For the bright, propulsive opening track “Soul Searching,” Foster and Nicholson aimed to capture the struggle of seeing through the troubles that we sometimes face in relationships. “We were looking for something about being caught inside a shift,” she explains, “and the realization that while it worked in the beginning, it’s now changed and if you’re both able or even willing to take that trip together or not.”

The classic-sounding, twinkling pop of “Don’t Want to Give Up on You,” meanwhile, embraces a lovely melody over a deceptively simple song structure. “I wasn’t sure how to complete it,” Foster says, “but Grace helped me realize that it was actually finished, and that how a song is delivered is the real key to how it’s received. Keeping it simple is all there is to do as a songwriter sometimes.”

The slow-burning “What Kind of Fool” was one of several songs that were sonically re-shaped by Howard’s input: “What we wrote was something totally different,” Foster recalls. “Mark brought in a track similar to what Amy Winehouse more than likely had recorded and said, ‘Let’s try it this way.’ It was a totally different approach, and it worked.”
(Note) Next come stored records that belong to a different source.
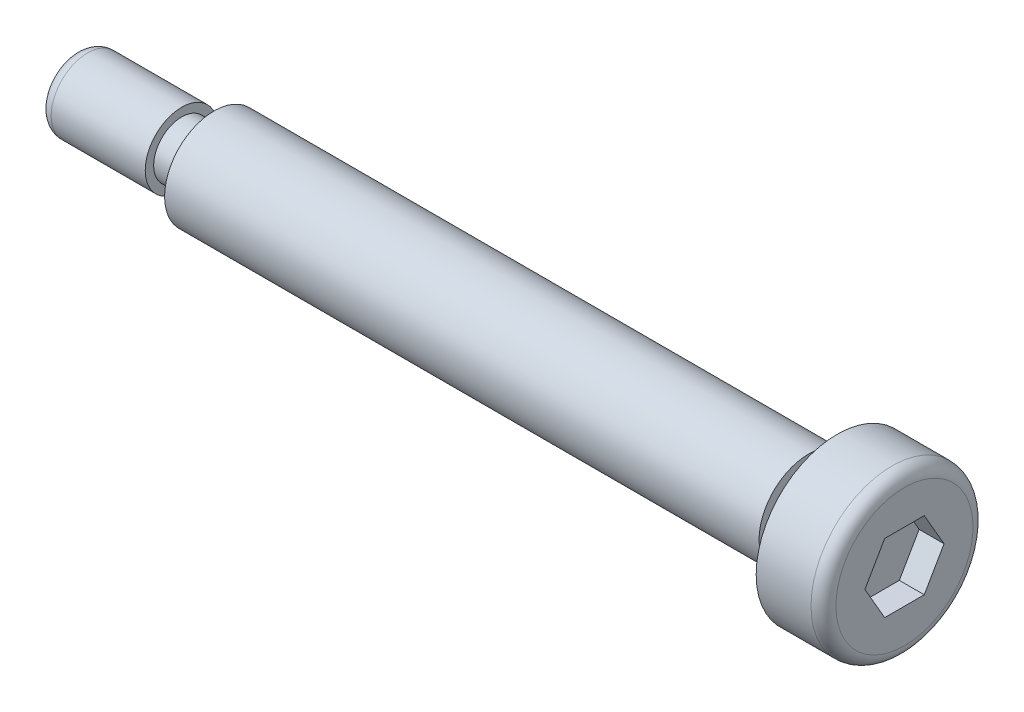
ISO-10303-21;
HEADER;
FILE_DESCRIPTION(('STEP AP214'),'2;1');
FILE_NAME('part.step','',(''),(''),'','','');
FILE_SCHEMA(('AUTOMOTIVE_DESIGN { 1 0 10303 214 1 1 1 1 }'));
ENDSEC;
DATA;
#1=APPLICATION_CONTEXT('core data for automotive mechanical design processes');
#2=APPLICATION_PROTOCOL_DEFINITION('international standard','automotive_design',2000,#1);
#3=PRODUCT_CONTEXT('',#1,'mechanical');
#4=PRODUCT('Part','Part','',(#3));
#5=PRODUCT_RELATED_PRODUCT_CATEGORY('part','',(#4));
#6=PRODUCT_DEFINITION_FORMATION('','',#4);
#7=PRODUCT_DEFINITION_CONTEXT('part definition',#1,'design');
#8=PRODUCT_DEFINITION('design','',#6,#7);
#9=PRODUCT_DEFINITION_SHAPE('','',#8);
#10=(LENGTH_UNIT() NAMED_UNIT(*) SI_UNIT(.MILLI.,.METRE.));
#11=(NAMED_UNIT(*) PLANE_ANGLE_UNIT() SI_UNIT($,.RADIAN.));
#12=(NAMED_UNIT(*) SI_UNIT($,.STERADIAN.) SOLID_ANGLE_UNIT());
#13=UNCERTAINTY_MEASURE_WITH_UNIT(LENGTH_MEASURE(1.E-05),#10,'distance_accuracy_value','');
#14=(GEOMETRIC_REPRESENTATION_CONTEXT(3) GLOBAL_UNCERTAINTY_ASSIGNED_CONTEXT((#13)) GLOBAL_UNIT_ASSIGNED_CONTEXT((#10,
#11,#12)) REPRESENTATION_CONTEXT('',''));
#15=CARTESIAN_POINT('',(0.,0.,0.));
#16=DIRECTION('',(0.,0.,1.));
#17=DIRECTION('',(1.,0.,0.));
#18=AXIS2_PLACEMENT_3D('',#15,#16,#17);
#19=CARTESIAN_POINT('',(-50.,3.97,0.));
#20=DIRECTION('',(1.,0.,0.));
#21=DIRECTION('',(0.,0.,-1.));
#22=AXIS2_PLACEMENT_3D('',#19,#20,#21);
#23=PLANE('',#22);
#24=CARTESIAN_POINT('',(-50.,0.,0.));
#25=DIRECTION('',(-1.,0.,0.));
#26=DIRECTION('',(0.,0.,1.));
#27=AXIS2_PLACEMENT_3D('',#24,#25,#26);
#28=CIRCLE('',#27,2.25);
#29=CARTESIAN_POINT('',(-50.,0.,2.25));
#30=VERTEX_POINT('',#29);
#31=EDGE_CURVE('E11',#30,#30,#28,.T.);
#32=ORIENTED_EDGE('',*,*,#31,.F.);
#33=EDGE_LOOP('',(#32));
#34=FACE_BOUND('',#33,.T.);
#35=CARTESIAN_POINT('',(-50.,0.,0.));
#36=DIRECTION('',(-1.,0.,0.));
#37=DIRECTION('',(0.,0.,1.));
#38=AXIS2_PLACEMENT_3D('',#35,#36,#37);
#39=CIRCLE('',#38,3.97);
#40=CARTESIAN_POINT('',(-50.,0.,3.97));
#41=VERTEX_POINT('',#40);
#42=EDGE_CURVE('E154',#41,#41,#39,.T.);
#43=ORIENTED_EDGE('',*,*,#42,.T.);
#44=EDGE_LOOP('',(#43));
#45=FACE_BOUND('',#44,.T.);
#46=ADVANCED_FACE('F38',(#34,#45),#23,.F.);
#47=CARTESIAN_POINT('',(-61.15,0.,0.));
#48=DIRECTION('',(-1.,0.,0.));
#49=DIRECTION('',(0.,0.,1.));
#50=AXIS2_PLACEMENT_3D('',#47,#48,#49);
#51=CYLINDRICAL_SURFACE('',#50,2.25);
#52=CARTESIAN_POINT('',(-52.6,0.,0.));
#53=DIRECTION('',(-1.,0.,0.));
#54=DIRECTION('',(0.,0.,1.));
#55=AXIS2_PLACEMENT_3D('',#52,#53,#54);
#56=CIRCLE('',#55,2.25);
#57=CARTESIAN_POINT('',(-52.6,0.,2.25));
#58=VERTEX_POINT('',#57);
#59=EDGE_CURVE('E46',#58,#58,#56,.T.);
#60=ORIENTED_EDGE('',*,*,#59,.F.);
#61=EDGE_LOOP('',(#60));
#62=FACE_BOUND('',#61,.T.);
#63=ORIENTED_EDGE('',*,*,#31,.T.);
#64=EDGE_LOOP('',(#63));
#65=FACE_BOUND('',#64,.T.);
#66=ADVANCED_FACE('F207',(#62,#65),#51,.T.);
#67=CARTESIAN_POINT('',(-52.6,2.25,0.));
#68=DIRECTION('',(-1.,0.,0.));
#69=DIRECTION('',(0.,0.,1.));
#70=AXIS2_PLACEMENT_3D('',#67,#68,#69);
#71=PLANE('',#70);
#72=CARTESIAN_POINT('',(-52.6,0.,0.));
#73=DIRECTION('',(-1.,0.,0.));
#74=DIRECTION('',(0.,0.,1.));
#75=AXIS2_PLACEMENT_3D('',#72,#73,#74);
#76=CIRCLE('',#75,2.925);
#77=CARTESIAN_POINT('',(-52.6,0.,2.925));
#78=VERTEX_POINT('',#77);
#79=EDGE_CURVE('E198',#78,#78,#76,.T.);
#80=ORIENTED_EDGE('',*,*,#79,.F.);
#81=EDGE_LOOP('',(#80));
#82=FACE_BOUND('',#81,.T.);
#83=ORIENTED_EDGE('',*,*,#59,.T.);
#84=EDGE_LOOP('',(#83));
#85=FACE_BOUND('',#84,.T.);
#86=ADVANCED_FACE('F205',(#82,#85),#71,.F.);
#87=CARTESIAN_POINT('',(-61.15,0.,0.));
#88=DIRECTION('',(-1.,0.,0.));
#89=DIRECTION('',(0.,0.,1.));
#90=AXIS2_PLACEMENT_3D('',#87,#88,#89);
#91=CYLINDRICAL_SURFACE('',#90,2.925);
#92=CARTESIAN_POINT('',(-60.15,0.,0.));
#93=DIRECTION('',(-1.,0.,0.));
#94=DIRECTION('',(0.,0.,1.));
#95=AXIS2_PLACEMENT_3D('',#92,#93,#94);
#96=CIRCLE('',#95,2.925);
#97=CARTESIAN_POINT('',(-60.15,0.,2.925));
#98=VERTEX_POINT('',#97);
#99=EDGE_CURVE('E194',#98,#98,#96,.T.);
#100=ORIENTED_EDGE('',*,*,#99,.F.);
#101=EDGE_LOOP('',(#100));
#102=FACE_BOUND('',#101,.T.);
#103=ORIENTED_EDGE('',*,*,#79,.T.);
#104=EDGE_LOOP('',(#103));
#105=FACE_BOUND('',#104,.T.);
#106=ADVANCED_FACE('F268',(#102,#105),#91,.T.);
#107=CARTESIAN_POINT('',(-60.15,0.,0.));
#108=DIRECTION('',(-1.,0.,0.));
#109=DIRECTION('',(0.,0.,1.));
#110=AXIS2_PLACEMENT_3D('',#107,#108,#109);
#111=TOROIDAL_SURFACE('',#110,1.925,1.);
#112=CARTESIAN_POINT('',(-61.15,0.,0.));
#113=DIRECTION('',(-1.,0.,0.));
#114=DIRECTION('',(0.,0.,1.));
#115=AXIS2_PLACEMENT_3D('',#112,#113,#114);
#116=CIRCLE('',#115,1.92499999999999);
#117=CARTESIAN_POINT('',(-61.15,0.,1.92499999999999));
#118=VERTEX_POINT('',#117);
#119=EDGE_CURVE('E190',#118,#118,#116,.T.);
#120=ORIENTED_EDGE('',*,*,#119,.F.);
#121=EDGE_LOOP('',(#120));
#122=FACE_BOUND('',#121,.T.);
#123=ORIENTED_EDGE('',*,*,#99,.T.);
#124=EDGE_LOOP('',(#123));
#125=FACE_BOUND('',#124,.T.);
#126=ADVANCED_FACE('F261',(#122,#125),#111,.T.);
#127=CARTESIAN_POINT('',(-61.15,1.92499999999999,0.));
#128=DIRECTION('',(1.,0.,0.));
#129=DIRECTION('',(0.,0.,-1.));
#130=AXIS2_PLACEMENT_3D('',#127,#128,#129);
#131=PLANE('',#130);
#132=ORIENTED_EDGE('',*,*,#119,.T.);
#133=EDGE_LOOP('',(#132));
#134=FACE_BOUND('',#133,.T.);
#135=ADVANCED_FACE('F255',(#134),#131,.F.);
#136=CARTESIAN_POINT('',(5.4,5.49999999999999,0.));
#137=DIRECTION('',(-1.,0.,0.));
#138=DIRECTION('',(0.,0.,1.));
#139=AXIS2_PLACEMENT_3D('',#136,#137,#138);
#140=PLANE('',#139);
#141=DIRECTION('',(0.,0.,1.));
#142=VECTOR('',#141,1.);
#143=CARTESIAN_POINT('',(5.4,2.75,-1.58771324027147));
#144=LINE('',#143,#142);
#145=CARTESIAN_POINT('',(5.4,2.75,-1.58771324027147));
#146=VERTEX_POINT('',#145);
#147=CARTESIAN_POINT('',(5.4,2.75,1.58771324027147));
#148=VERTEX_POINT('',#147);
#149=EDGE_CURVE('E135',#146,#148,#144,.T.);
#150=ORIENTED_EDGE('',*,*,#149,.F.);
#151=DIRECTION('',(0.,0.866025403784439,0.5));
#152=VECTOR('',#151,1.);
#153=CARTESIAN_POINT('',(5.4,0.,-3.17542648054294));
#154=LINE('',#153,#152);
#155=CARTESIAN_POINT('',(5.4,0.,-3.17542648054294));
#156=VERTEX_POINT('',#155);
#157=EDGE_CURVE('E53',#156,#146,#154,.T.);
#158=ORIENTED_EDGE('',*,*,#157,.F.);
#159=DIRECTION('',(0.,0.866025403784439,-0.5));
#160=VECTOR('',#159,1.);
#161=CARTESIAN_POINT('',(5.4,-2.75,-1.58771324027147));
#162=LINE('',#161,#160);
#163=CARTESIAN_POINT('',(5.4,-2.75,-1.58771324027147));
#164=VERTEX_POINT('',#163);
#165=EDGE_CURVE('E148',#164,#156,#162,.T.);
#166=ORIENTED_EDGE('',*,*,#165,.F.);
#167=DIRECTION('',(0.,0.,-1.));
#168=VECTOR('',#167,1.);
#169=CARTESIAN_POINT('',(5.4,-2.75,1.58771324027147));
#170=LINE('',#169,#168);
#171=CARTESIAN_POINT('',(5.4,-2.75,1.58771324027147));
#172=VERTEX_POINT('',#171);
#173=EDGE_CURVE('E145',#172,#164,#170,.T.);
#174=ORIENTED_EDGE('',*,*,#173,.F.);
#175=DIRECTION('',(0.,-0.866025403784438,-0.5));
#176=VECTOR('',#175,1.);
#177=CARTESIAN_POINT('',(5.4,0.,3.17542648054294));
#178=LINE('',#177,#176);
#179=CARTESIAN_POINT('',(5.4,0.,3.17542648054294));
#180=VERTEX_POINT('',#179);
#181=EDGE_CURVE('E101',#180,#172,#178,.T.);
#182=ORIENTED_EDGE('',*,*,#181,.F.);
#183=DIRECTION('',(0.,-0.866025403784439,0.5));
#184=VECTOR('',#183,1.);
#185=CARTESIAN_POINT('',(5.4,2.75,1.58771324027147));
#186=LINE('',#185,#184);
#187=EDGE_CURVE('E139',#148,#180,#186,.T.);
#188=ORIENTED_EDGE('',*,*,#187,.F.);
#189=EDGE_LOOP('',(#150,#158,#166,#174,#182,#188));
#190=FACE_BOUND('',#189,.T.);
#191=CARTESIAN_POINT('',(5.4,0.,0.));
#192=DIRECTION('',(-1.,0.,0.));
#193=DIRECTION('',(0.,0.,1.));
#194=AXIS2_PLACEMENT_3D('',#191,#192,#193);
#195=CIRCLE('',#194,5.49999999999999);
#196=CARTESIAN_POINT('',(5.4,0.,5.49999999999999));
#197=VERTEX_POINT('',#196);
#198=EDGE_CURVE('E186',#197,#197,#195,.T.);
#199=ORIENTED_EDGE('',*,*,#198,.F.);
#200=EDGE_LOOP('',(#199));
#201=FACE_BOUND('',#200,.T.);
#202=ADVANCED_FACE('F250',(#190,#201),#140,.F.);
#203=CARTESIAN_POINT('',(4.4,0.,0.));
#204=DIRECTION('',(-1.,0.,0.));
#205=DIRECTION('',(0.,0.,1.));
#206=AXIS2_PLACEMENT_3D('',#203,#204,#205);
#207=TOROIDAL_SURFACE('',#206,5.5,1.);
#208=CARTESIAN_POINT('',(4.39999999999999,0.,0.));
#209=DIRECTION('',(-1.,0.,0.));
#210=DIRECTION('',(0.,0.,1.));
#211=AXIS2_PLACEMENT_3D('',#208,#209,#210);
#212=CIRCLE('',#211,6.5);
#213=CARTESIAN_POINT('',(4.39999999999999,0.,6.5));
#214=VERTEX_POINT('',#213);
#215=EDGE_CURVE('E182',#214,#214,#212,.T.);
#216=ORIENTED_EDGE('',*,*,#215,.F.);
#217=EDGE_LOOP('',(#216));
#218=FACE_BOUND('',#217,.T.);
#219=ORIENTED_EDGE('',*,*,#198,.T.);
#220=EDGE_LOOP('',(#219));
#221=FACE_BOUND('',#220,.T.);
#222=ADVANCED_FACE('F244',(#218,#221),#207,.T.);
#223=CARTESIAN_POINT('',(-61.15,0.,0.));
#224=DIRECTION('',(-1.,0.,0.));
#225=DIRECTION('',(0.,0.,1.));
#226=AXIS2_PLACEMENT_3D('',#223,#224,#225);
#227=CYLINDRICAL_SURFACE('',#226,6.5);
#228=CARTESIAN_POINT('',(0.,0.,0.));
#229=DIRECTION('',(-1.,0.,0.));
#230=DIRECTION('',(0.,0.,1.));
#231=AXIS2_PLACEMENT_3D('',#228,#229,#230);
#232=CIRCLE('',#231,6.5);
#233=CARTESIAN_POINT('',(0.,0.,6.5));
#234=VERTEX_POINT('',#233);
#235=EDGE_CURVE('E178',#234,#234,#232,.T.);
#236=ORIENTED_EDGE('',*,*,#235,.F.);
#237=EDGE_LOOP('',(#236));
#238=FACE_BOUND('',#237,.T.);
#239=ORIENTED_EDGE('',*,*,#215,.T.);
#240=EDGE_LOOP('',(#239));
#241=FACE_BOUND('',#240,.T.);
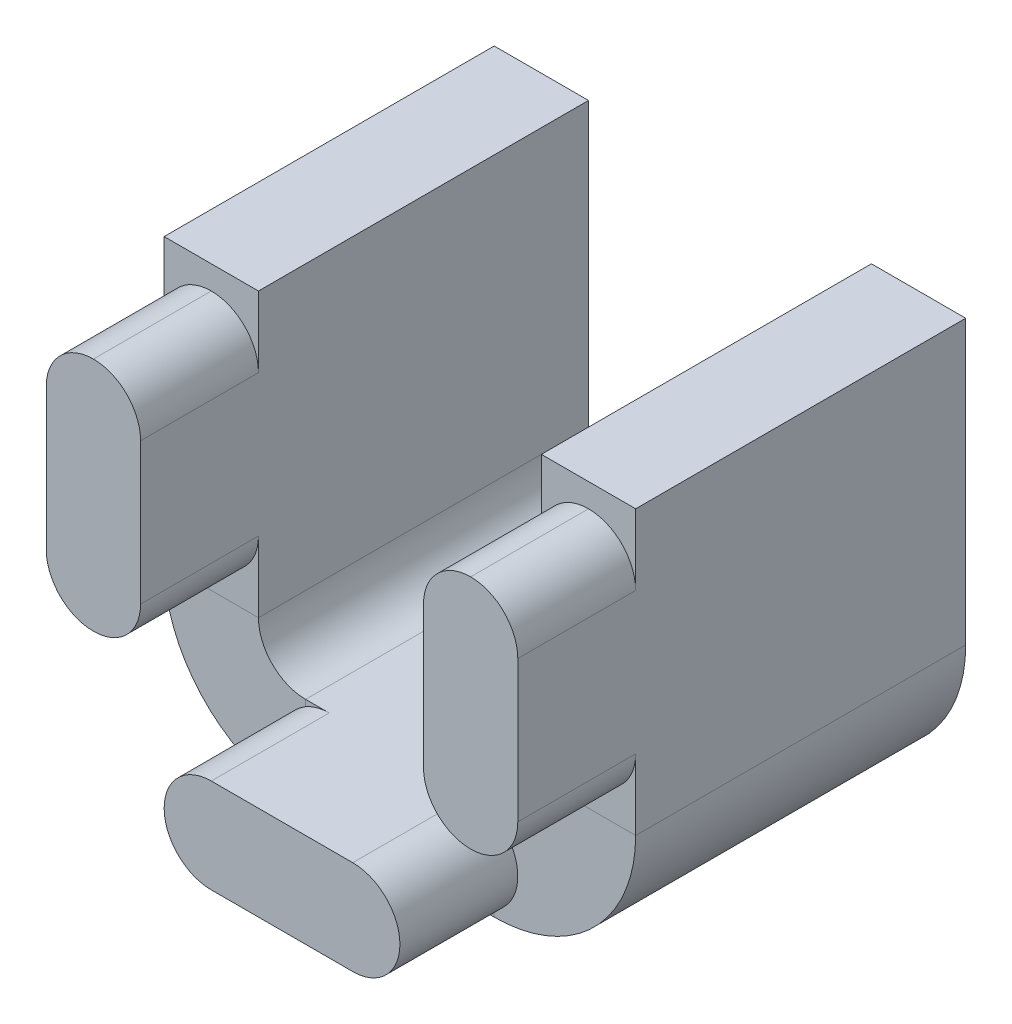
ISO-10303-21;
HEADER;
FILE_DESCRIPTION(('STEP AP214'),'2;1');
FILE_NAME('part.step','',(''),(''),'','','');
FILE_SCHEMA(('AUTOMOTIVE_DESIGN { 1 0 10303 214 1 1 1 1 }'));
ENDSEC;
DATA;
#1=APPLICATION_CONTEXT('core data for automotive mechanical design processes');
#2=APPLICATION_PROTOCOL_DEFINITION('international standard','automotive_design',2000,#1);
#3=PRODUCT_CONTEXT('',#1,'mechanical');
#4=PRODUCT('Part','Part','',(#3));
#5=PRODUCT_RELATED_PRODUCT_CATEGORY('part','',(#4));
#6=PRODUCT_DEFINITION_FORMATION('','',#4);
#7=PRODUCT_DEFINITION_CONTEXT('part definition',#1,'design');
#8=PRODUCT_DEFINITION('design','',#6,#7);
#9=PRODUCT_DEFINITION_SHAPE('','',#8);
#10=(LENGTH_UNIT() NAMED_UNIT(*) SI_UNIT(.MILLI.,.METRE.));
#11=(NAMED_UNIT(*) PLANE_ANGLE_UNIT() SI_UNIT($,.RADIAN.));
#12=(NAMED_UNIT(*) SI_UNIT($,.STERADIAN.) SOLID_ANGLE_UNIT());
#13=UNCERTAINTY_MEASURE_WITH_UNIT(LENGTH_MEASURE(1.E-05),#10,'distance_accuracy_value','');
#14=(GEOMETRIC_REPRESENTATION_CONTEXT(3) GLOBAL_UNCERTAINTY_ASSIGNED_CONTEXT((#13)) GLOBAL_UNIT_ASSIGNED_CONTEXT((#10,
#11,#12)) REPRESENTATION_CONTEXT('',''));
#15=CARTESIAN_POINT('',(0.,0.,0.));
#16=DIRECTION('',(0.,0.,1.));
#17=DIRECTION('',(1.,0.,0.));
#18=AXIS2_PLACEMENT_3D('',#15,#16,#17);
#19=CARTESIAN_POINT('',(-3.,0.,3.5));
#20=DIRECTION('',(0.,-1.,0.));
#21=DIRECTION('',(0.,0.,-1.));
#22=AXIS2_PLACEMENT_3D('',#19,#20,#21);
#23=PLANE('',#22);
#24=DIRECTION('',(0.,0.,-1.));
#25=VECTOR('',#24,1.);
#26=CARTESIAN_POINT('',(-2.00000000000002,0.,-3.5));
#27=LINE('',#26,#25);
#28=CARTESIAN_POINT('',(-2.00000000000002,0.,3.5));
#29=VERTEX_POINT('',#28);
#30=CARTESIAN_POINT('',(-2.00000000000002,0.,-3.5));
#31=VERTEX_POINT('',#30);
#32=EDGE_CURVE('E331',#29,#31,#27,.T.);
#33=ORIENTED_EDGE('',*,*,#32,.F.);
#34=DIRECTION('',(-1.,0.,0.));
#35=VECTOR('',#34,1.);
#36=CARTESIAN_POINT('',(-3.,0.,3.5));
#37=LINE('',#36,#35);
#38=CARTESIAN_POINT('',(-1.5,0.,3.5));
#39=VERTEX_POINT('',#38);
#40=EDGE_CURVE('E327',#39,#29,#37,.T.);
#41=ORIENTED_EDGE('',*,*,#40,.F.);
#42=DIRECTION('',(0.,0.,-1.));
#43=VECTOR('',#42,1.);
#44=CARTESIAN_POINT('',(-1.5,0.,6.));
#45=LINE('',#44,#43);
#46=CARTESIAN_POINT('',(-1.5,0.,6.));
#47=VERTEX_POINT('',#46);
#48=EDGE_CURVE('E665',#47,#39,#45,.T.);
#49=ORIENTED_EDGE('',*,*,#48,.F.);
#50=DIRECTION('',(-1.,0.,0.));
#51=VECTOR('',#50,1.);
#52=CARTESIAN_POINT('',(1.5,0.,6.));
#53=LINE('',#52,#51);
#54=CARTESIAN_POINT('',(1.5,0.,6.));
#55=VERTEX_POINT('',#54);
#56=EDGE_CURVE('E260',#55,#47,#53,.T.);
#57=ORIENTED_EDGE('',*,*,#56,.F.);
#58=DIRECTION('',(0.,0.,-1.));
#59=VECTOR('',#58,1.);
#60=CARTESIAN_POINT('',(1.5,0.,6.));
#61=LINE('',#60,#59);
#62=CARTESIAN_POINT('',(1.5,0.,3.5));
#63=VERTEX_POINT('',#62);
#64=EDGE_CURVE('E272',#55,#63,#61,.T.);
#65=ORIENTED_EDGE('',*,*,#64,.T.);
#66=CARTESIAN_POINT('',(2.00000000000002,0.,3.5));
#67=VERTEX_POINT('',#66);
#68=EDGE_CURVE('E328',#67,#63,#37,.T.);
#69=ORIENTED_EDGE('',*,*,#68,.F.);
#70=DIRECTION('',(0.,0.,1.));
#71=VECTOR('',#70,1.);
#72=CARTESIAN_POINT('',(2.00000000000002,0.,3.5));
#73=LINE('',#72,#71);
#74=CARTESIAN_POINT('',(2.00000000000002,0.,-3.5));
#75=VERTEX_POINT('',#74);
#76=EDGE_CURVE('E347',#75,#67,#73,.T.);
#77=ORIENTED_EDGE('',*,*,#76,.F.);
#78=DIRECTION('',(-1.,0.,0.));
#79=VECTOR('',#78,1.);
#80=CARTESIAN_POINT('',(-3.,0.,-3.5));
#81=LINE('',#80,#79);
#82=EDGE_CURVE('E324',#75,#31,#81,.T.);
#83=ORIENTED_EDGE('',*,*,#82,.T.);
#84=EDGE_LOOP('',(#33,#41,#49,#57,#65,#69,#77,#83));
#85=FACE_BOUND('',#84,.T.);
#86=CARTESIAN_POINT('',(0.,0.,0.));
#87=DIRECTION('',(0.,-1.,0.));
#88=DIRECTION('',(0.,0.,-1.));
#89=AXIS2_PLACEMENT_3D('',#86,#87,#88);
#90=CIRCLE('',#89,1.75);
#91=CARTESIAN_POINT('',(0.,0.,-1.75));
#92=VERTEX_POINT('',#91);
#93=EDGE_CURVE('E12',#92,#92,#90,.F.);
#94=ORIENTED_EDGE('',*,*,#93,.F.);
#95=EDGE_LOOP('',(#94));
#96=FACE_BOUND('',#95,.T.);
#97=ADVANCED_FACE('F44',(#85,#96),#23,.F.);
#98=CARTESIAN_POINT('',(-3.,16.1245154965971,3.5));
#99=DIRECTION('',(0.,0.,1.));
#100=DIRECTION('',(1.,0.,0.));
#101=AXIS2_PLACEMENT_3D('',#98,#99,#100);
#102=PLANE('',#101);
#103=DIRECTION('',(1.,0.,0.));
#104=VECTOR('',#103,1.);
#105=CARTESIAN_POINT('',(-3.,-2.,3.5));
#106=LINE('',#105,#104);
#107=CARTESIAN_POINT('',(-1.5,-2.,3.5));
#108=VERTEX_POINT('',#107);
#109=CARTESIAN_POINT('',(-2.00000000000002,-2.,3.5));
#110=VERTEX_POINT('',#109);
#111=EDGE_CURVE('E318',#108,#110,#106,.F.);
#112=ORIENTED_EDGE('',*,*,#111,.F.);
#113=CARTESIAN_POINT('',(-1.5,-1.,3.5));
#114=DIRECTION('',(0.,0.,1.));
#115=DIRECTION('',(-1.,0.,0.));
#116=AXIS2_PLACEMENT_3D('',#113,#114,#115);
#117=CIRCLE('',#116,1.);
#118=CARTESIAN_POINT('',(-2.00000000000002,-1.86602540378443,3.5));
#119=VERTEX_POINT('',#118);
#120=EDGE_CURVE('E266',#119,#108,#117,.T.);
#121=ORIENTED_EDGE('',*,*,#120,.F.);
#122=DIRECTION('',(0.,-1.,0.));
#123=VECTOR('',#122,1.);
#124=CARTESIAN_POINT('',(-2.00000000000002,16.1245154965971,3.5));
#125=LINE('',#124,#123);
#126=EDGE_CURVE('E341',#119,#110,#125,.T.);
#127=ORIENTED_EDGE('',*,*,#126,.T.);
#128=EDGE_LOOP('',(#112,#121,#127));
#129=FACE_BOUND('',#128,.T.);
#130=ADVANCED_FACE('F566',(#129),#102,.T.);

“Finish Line” showcases contributions from slide guitar veteran Sonny Landreth, while Foster’s take on “Feels Like Freedom,” which was originally sung by Joanna Jones, makes the heart soar with her passionate vocal take and full embrace of the song’s lyrical lessons. “I fell hard for the song,” she says while discussing her rendition and what it means to her. “It said everything about what I wanted to do with this album. It’s about this feeling of rising from a place where you felt stuck. Towards the end of the song, you realize that ‘Oh, this is what it feels like to be totally free!’. A lot has gone on in the last several years, and for some people it felt as if the world was falling apart. This song says to me, ‘No, we got you.’”

Then there’s the ruminative and luminous album closer “4 AM,” which originated while Foster was on tour in Eastern Europe. “I felt very out of sorts while being so far from home, trying to keep up with my family and friends,” she recalls. “I was up really late and not able to sleep, and I just sat with my guitar, a tea set, and a shot of vodka, and I wrote from where I was. I was disconnected from the people I love, but connected to what I was there to do.”

“Touring musicians get all this love from hundreds, sometimes thousands of people every working night,” she continues, “and then I come back to this lonely hotel room by myself. I go from feeling everything to just being.” And Healing Time is ultimately a work that explores such extremes as being human often brings to the surface, reminding listeners that even when we feel like we’re at the top, we’re ultimately still finding our way—a beautiful reflection of the essence of living itself.